A search object data storage unit for storing search object data to be updated;
A dictionary generator that dynamically generates a first speech recognition dictionary from the search target data;
An audio acquisition unit for acquiring the first audio and the second audio;
The first speech recognition dictionary is used to recognize the first speech and convert it to text to generate first text data, and the second speech recognition dictionary is used to recognize the second speech and convert it to text. A voice recognition unit for generating second text data;
A first search unit that searches the search target data using the first text data as a first search keyword;
A speech recognition search device comprising: a second search unit that searches the search result by the first search unit using the second text data as a second search keyword.

The speech recognition search device according to claim 1, wherein the dictionary generation unit generates the first speech recognition dictionary by combining a vocabulary dynamically generated from the search target data and a fixed vocabulary. .

The speech recognition search apparatus according to claim 1, wherein the dictionary generation unit generates the second speech recognition dictionary from a search result by the first search unit.

The speech recognition according to claim 1, wherein the dictionary generation unit generates the second speech recognition dictionary by combining a vocabulary generated from a search result by the first search unit and a fixed vocabulary. Search device.

The speech recognition / retrieval device according to claim 1, wherein the second speech recognition dictionary is composed of a fixed vocabulary.

And a dictionary switching unit that switches a speech recognition dictionary used by the speech recognition unit from the first speech recognition dictionary to the second speech recognition dictionary when the display unit displays the search result. The speech recognition search device according to any one of claims 1 to 5.

The candidate recommendation part which recommends the candidate of the said 2nd audio | voice effective for the search by the said 2nd search part based on the search result by the said 1st search part is further provided. The speech recognition search device according to any one of the above.

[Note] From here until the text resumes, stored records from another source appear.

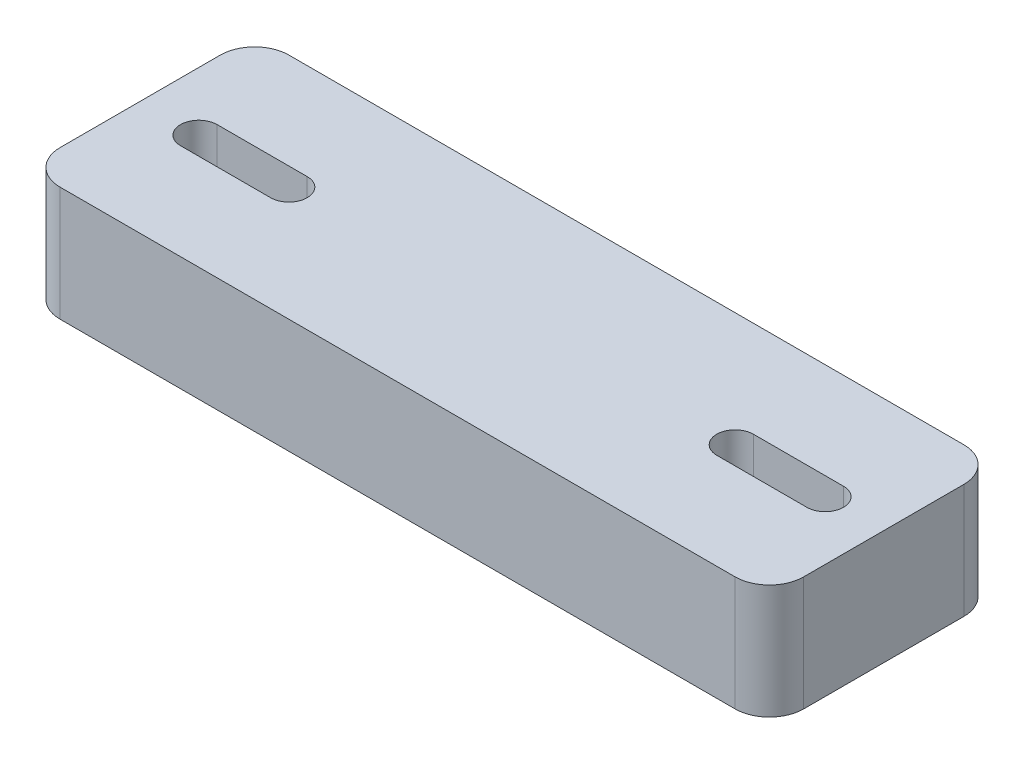
ISO-10303-21;
HEADER;
FILE_DESCRIPTION(('STEP AP214'),'2;1');
FILE_NAME('part.step','',(''),(''),'','','');
FILE_SCHEMA(('AUTOMOTIVE_DESIGN { 1 0 10303 214 1 1 1 1 }'));
ENDSEC;
DATA;
#1=APPLICATION_CONTEXT('core data for automotive mechanical design processes');
#2=APPLICATION_PROTOCOL_DEFINITION('international standard','automotive_design',2000,#1);
#3=PRODUCT_CONTEXT('',#1,'mechanical');
#4=PRODUCT('Part','Part','',(#3));
#5=PRODUCT_RELATED_PRODUCT_CATEGORY('part','',(#4));
#6=PRODUCT_DEFINITION_FORMATION('','',#4);
#7=PRODUCT_DEFINITION_CONTEXT('part definition',#1,'design');
#8=PRODUCT_DEFINITION('design','',#6,#7);
#9=PRODUCT_DEFINITION_SHAPE('','',#8);
#10=(LENGTH_UNIT() NAMED_UNIT(*) SI_UNIT(.MILLI.,.METRE.));
#11=(NAMED_UNIT(*) PLANE_ANGLE_UNIT() SI_UNIT($,.RADIAN.));
#12=(NAMED_UNIT(*) SI_UNIT($,.STERADIAN.) SOLID_ANGLE_UNIT());
#13=UNCERTAINTY_MEASURE_WITH_UNIT(LENGTH_MEASURE(1.E-05),#10,'distance_accuracy_value','');
#14=(GEOMETRIC_REPRESENTATION_CONTEXT(3) GLOBAL_UNCERTAINTY_ASSIGNED_CONTEXT((#13)) GLOBAL_UNIT_ASSIGNED_CONTEXT((#10,
#11,#12)) REPRESENTATION_CONTEXT('',''));
#15=CARTESIAN_POINT('',(0.,0.,0.));
#16=DIRECTION('',(0.,0.,1.));
#17=DIRECTION('',(1.,0.,0.));
#18=AXIS2_PLACEMENT_3D('',#15,#16,#17);
#19=CARTESIAN_POINT('',(32.5,10.,-10.));
#20=DIRECTION('',(-1.,0.,0.));
#21=DIRECTION('',(0.,0.,1.));
#22=AXIS2_PLACEMENT_3D('',#19,#20,#21);
#23=PLANE('',#22);
#24=DIRECTION('',(0.,0.,-1.));
#25=VECTOR('',#24,1.);
#26=CARTESIAN_POINT('',(32.5,0.,-10.));
#27=LINE('',#26,#25);
#28=CARTESIAN_POINT('',(32.5,0.,7.));
#29=VERTEX_POINT('',#28);
#30=CARTESIAN_POINT('',(32.5,0.,-7.));
#31=VERTEX_POINT('',#30);
#32=EDGE_CURVE('E189',#29,#31,#27,.T.);
#33=ORIENTED_EDGE('',*,*,#32,.T.);
#34=DIRECTION('',(0.,-1.,0.));
#35=VECTOR('',#34,1.);
#36=CARTESIAN_POINT('',(32.5,10.,-7.));
#37=LINE('',#36,#35);
#38=CARTESIAN_POINT('',(32.5,10.,-7.));
#39=VERTEX_POINT('',#38);
#40=EDGE_CURVE('E11',#31,#39,#37,.F.);
#41=ORIENTED_EDGE('',*,*,#40,.T.);
#42=DIRECTION('',(0.,0.,-1.));
#43=VECTOR('',#42,1.);
#44=CARTESIAN_POINT('',(32.5,10.,-10.));
#45=LINE('',#44,#43);
#46=CARTESIAN_POINT('',(32.5,10.,7.));
#47=VERTEX_POINT('',#46);
#48=EDGE_CURVE('E224',#47,#39,#45,.T.);
#49=ORIENTED_EDGE('',*,*,#48,.F.);
#50=DIRECTION('',(0.,-1.,0.));
#51=VECTOR('',#50,1.);
#52=CARTESIAN_POINT('',(32.5,10.,7.));
#53=LINE('',#52,#51);
#54=EDGE_CURVE('E42',#47,#29,#53,.T.);
#55=ORIENTED_EDGE('',*,*,#54,.T.);
#56=EDGE_LOOP('',(#33,#41,#49,#55));
#57=FACE_BOUND('',#56,.T.);
#58=ADVANCED_FACE('F34',(#57),#23,.F.);
#59=CARTESIAN_POINT('',(-32.5,10.,-10.));
#60=DIRECTION('',(0.,0.,1.));
#61=DIRECTION('',(1.,0.,0.));
#62=AXIS2_PLACEMENT_3D('',#59,#60,#61);
#63=PLANE('',#62);
#64=DIRECTION('',(-1.,0.,0.));
#65=VECTOR('',#64,1.);
#66=CARTESIAN_POINT('',(-32.5,0.,-10.));
#67=LINE('',#66,#65);
#68=CARTESIAN_POINT('',(29.5,0.,-10.));
#69=VERTEX_POINT('',#68);
#70=CARTESIAN_POINT('',(-29.5,0.,-10.));
#71=VERTEX_POINT('',#70);
#72=EDGE_CURVE('E238',#69,#71,#67,.T.);
#73=ORIENTED_EDGE('',*,*,#72,.T.);
#74=DIRECTION('',(0.,-1.,0.));
#75=VECTOR('',#74,1.);
#76=CARTESIAN_POINT('',(-29.5,10.,-10.));
#77=LINE('',#76,#75);
#78=CARTESIAN_POINT('',(-29.5,10.,-10.));
#79=VERTEX_POINT('',#78);
#80=EDGE_CURVE('E260',#71,#79,#77,.F.);
#81=ORIENTED_EDGE('',*,*,#80,.T.);
#82=DIRECTION('',(-1.,0.,0.));
#83=VECTOR('',#82,1.);
#84=CARTESIAN_POINT('',(-32.5,10.,-10.));
#85=LINE('',#84,#83);
#86=CARTESIAN_POINT('',(29.5,10.,-10.));
#87=VERTEX_POINT('',#86);
#88=EDGE_CURVE('E227',#87,#79,#85,.T.);
#89=ORIENTED_EDGE('',*,*,#88,.F.);
#90=DIRECTION('',(0.,-1.,0.));
#91=VECTOR('',#90,1.);
#92=CARTESIAN_POINT('',(29.5,10.,-10.));
#93=LINE('',#92,#91);
#94=EDGE_CURVE('E257',#87,#69,#93,.T.);
#95=ORIENTED_EDGE('',*,*,#94,.T.);
#96=EDGE_LOOP('',(#73,#81,#89,#95));
#97=FACE_BOUND('',#96,.T.);
#98=ADVANCED_FACE('F290',(#97),#63,.F.);
#99=CARTESIAN_POINT('',(-32.5,10.,-10.));
#100=DIRECTION('',(1.,0.,0.));
#101=DIRECTION('',(0.,0.,-1.));
#102=AXIS2_PLACEMENT_3D('',#99,#100,#101);
#103=PLANE('',#102);
#104=DIRECTION('',(0.,0.,1.));
#105=VECTOR('',#104,1.);
#106=CARTESIAN_POINT('',(-32.5,10.,-10.));
#107=LINE('',#106,#105);
#108=CARTESIAN_POINT('',(-32.5,10.,-7.));
#109=VERTEX_POINT('',#108);
#110=CARTESIAN_POINT('',(-32.5,10.,7.));
#111=VERTEX_POINT('',#110);
#112=EDGE_CURVE('E231',#109,#111,#107,.T.);
#113=ORIENTED_EDGE('',*,*,#112,.F.);
#114=DIRECTION('',(0.,-1.,0.));
#115=VECTOR('',#114,1.);
#116=CARTESIAN_POINT('',(-32.5,10.,-7.));
#117=LINE('',#116,#115);
#118=CARTESIAN_POINT('',(-32.5,0.,-7.));
#119=VERTEX_POINT('',#118);
#120=EDGE_CURVE('E246',#109,#119,#117,.T.);
#121=ORIENTED_EDGE('',*,*,#120,.T.);
#122=DIRECTION('',(0.,0.,1.));
#123=VECTOR('',#122,1.);
#124=CARTESIAN_POINT('',(-32.5,0.,-10.));
#125=LINE('',#124,#123);
#126=CARTESIAN_POINT('',(-32.5,0.,7.));
#127=VERTEX_POINT('',#126);
#128=EDGE_CURVE('E241',#119,#127,#125,.T.);
#129=ORIENTED_EDGE('',*,*,#128,.T.);
#130=DIRECTION('',(0.,-1.,0.));
#131=VECTOR('',#130,1.);
#132=CARTESIAN_POINT('',(-32.5,10.,7.));
#133=LINE('',#132,#131);
#134=EDGE_CURVE('E235',#127,#111,#133,.F.);
#135=ORIENTED_EDGE('',*,*,#134,.T.);
#136=EDGE_LOOP('',(#113,#121,#129,#135));
#137=FACE_BOUND('',#136,.T.);
#138=ADVANCED_FACE('F299',(#137),#103,.F.);
#139=CARTESIAN_POINT('',(-32.5,10.,10.));
#140=DIRECTION('',(0.,0.,-1.));
#141=DIRECTION('',(-1.,0.,0.));
#142=AXIS2_PLACEMENT_3D('',#139,#140,#141);
#143=PLANE('',#142);
#144=DIRECTION('',(1.,0.,0.));
#145=VECTOR('',#144,1.);
#146=CARTESIAN_POINT('',(-32.5,10.,10.));
#147=LINE('',#146,#145);
#148=CARTESIAN_POINT('',(-29.5,10.,10.));
#149=VERTEX_POINT('',#148);
#150=CARTESIAN_POINT('',(29.5,10.,10.));
#151=VERTEX_POINT('',#150);
#152=EDGE_CURVE('E233',#149,#151,#147,.T.);
#153=ORIENTED_EDGE('',*,*,#152,.F.);
#154=DIRECTION('',(0.,-1.,0.));
#155=VECTOR('',#154,1.);
#156=CARTESIAN_POINT('',(-29.5,10.,10.));
#157=LINE('',#156,#155);
#158=CARTESIAN_POINT('',(-29.5,0.,10.));
#159=VERTEX_POINT('',#158);
#160=EDGE_CURVE('E270',#149,#159,#157,.T.);
#161=ORIENTED_EDGE('',*,*,#160,.T.);
#162=DIRECTION('',(1.,0.,0.));
#163=VECTOR('',#162,1.);
#164=CARTESIAN_POINT('',(-32.5,0.,10.));
#165=LINE('',#164,#163);
#166=CARTESIAN_POINT('',(29.5,0.,10.));
#167=VERTEX_POINT('',#166);
#168=EDGE_CURVE('E228',#159,#167,#165,.T.);
#169=ORIENTED_EDGE('',*,*,#168,.T.);
#170=DIRECTION('',(0.,-1.,0.));
#171=VECTOR('',#170,1.);
#172=CARTESIAN_POINT('',(29.5,10.,10.));
#173=LINE('',#172,#171);
#174=EDGE_CURVE('E49',#167,#151,#173,.F.);
#175=ORIENTED_EDGE('',*,*,#174,.T.);
#176=EDGE_LOOP('',(#153,#161,#169,#175));
#177=FACE_BOUND('',#176,.T.);
#178=ADVANCED_FACE('F304',(#177),#143,.F.);
#179=CARTESIAN_POINT('',(0.,10.,0.));
#180=DIRECTION('',(0.,1.,0.));
#181=DIRECTION('',(0.,0.,1.));
#182=AXIS2_PLACEMENT_3D('',#179,#180,#181);
#183=PLANE('',#182);
#184=CARTESIAN_POINT('',(-27.375,10.,0.));
#185=DIRECTION('',(0.,1.,0.));
#186=DIRECTION('',(0.,0.,1.));
#187=AXIS2_PLACEMENT_3D('',#184,#185,#186);
#188=CIRCLE('',#187,1.59999999999999);
#189=CARTESIAN_POINT('',(-27.375,10.,-1.59999999999998));
#190=VERTEX_POINT('',#189);
#191=CARTESIAN_POINT('',(-27.375,10.,1.59999999999999));
#192=VERTEX_POINT('',#191);
#193=EDGE_CURVE('E155',#190,#192,#188,.T.);
#194=ORIENTED_EDGE('',*,*,#193,.F.);
#195=DIRECTION('',(-1.,0.,0.));
#196=VECTOR('',#195,1.);
#197=CARTESIAN_POINT('',(-27.375,10.,-1.59999999999998));
#198=LINE('',#197,#196);
#199=CARTESIAN_POINT('',(-19.5,10.,-1.59999999999998));
#200=VERTEX_POINT('',#199);
#201=EDGE_CURVE('E173',#200,#190,#198,.T.);
#202=ORIENTED_EDGE('',*,*,#201,.F.);
#203=CARTESIAN_POINT('',(-19.5,10.,0.));
#204=DIRECTION('',(0.,1.,0.));
#205=DIRECTION('',(0.,0.,1.));
#206=AXIS2_PLACEMENT_3D('',#203,#204,#205);
#207=CIRCLE('',#206,1.59999999999999);
#208=CARTESIAN_POINT('',(-19.5,10.,1.59999999999999));
#209=VERTEX_POINT('',#208);
#210=EDGE_CURVE('E176',#209,#200,#207,.T.);
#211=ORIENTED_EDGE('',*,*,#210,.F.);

Dynamically generating a first speech recognition dictionary based on sequentially updated search target data stored in the search target data storage unit;
Obtaining a first voice and a second voice;
The first speech recognition dictionary is used to recognize the first speech and convert it to text to generate first text data, and the second speech recognition dictionary is used to recognize the second speech and convert it to text. Generating second text data; and
Searching the search target data using the first text data as a first search keyword;
And a step of searching the search result of the first search keyword using the second text data as a second search keyword.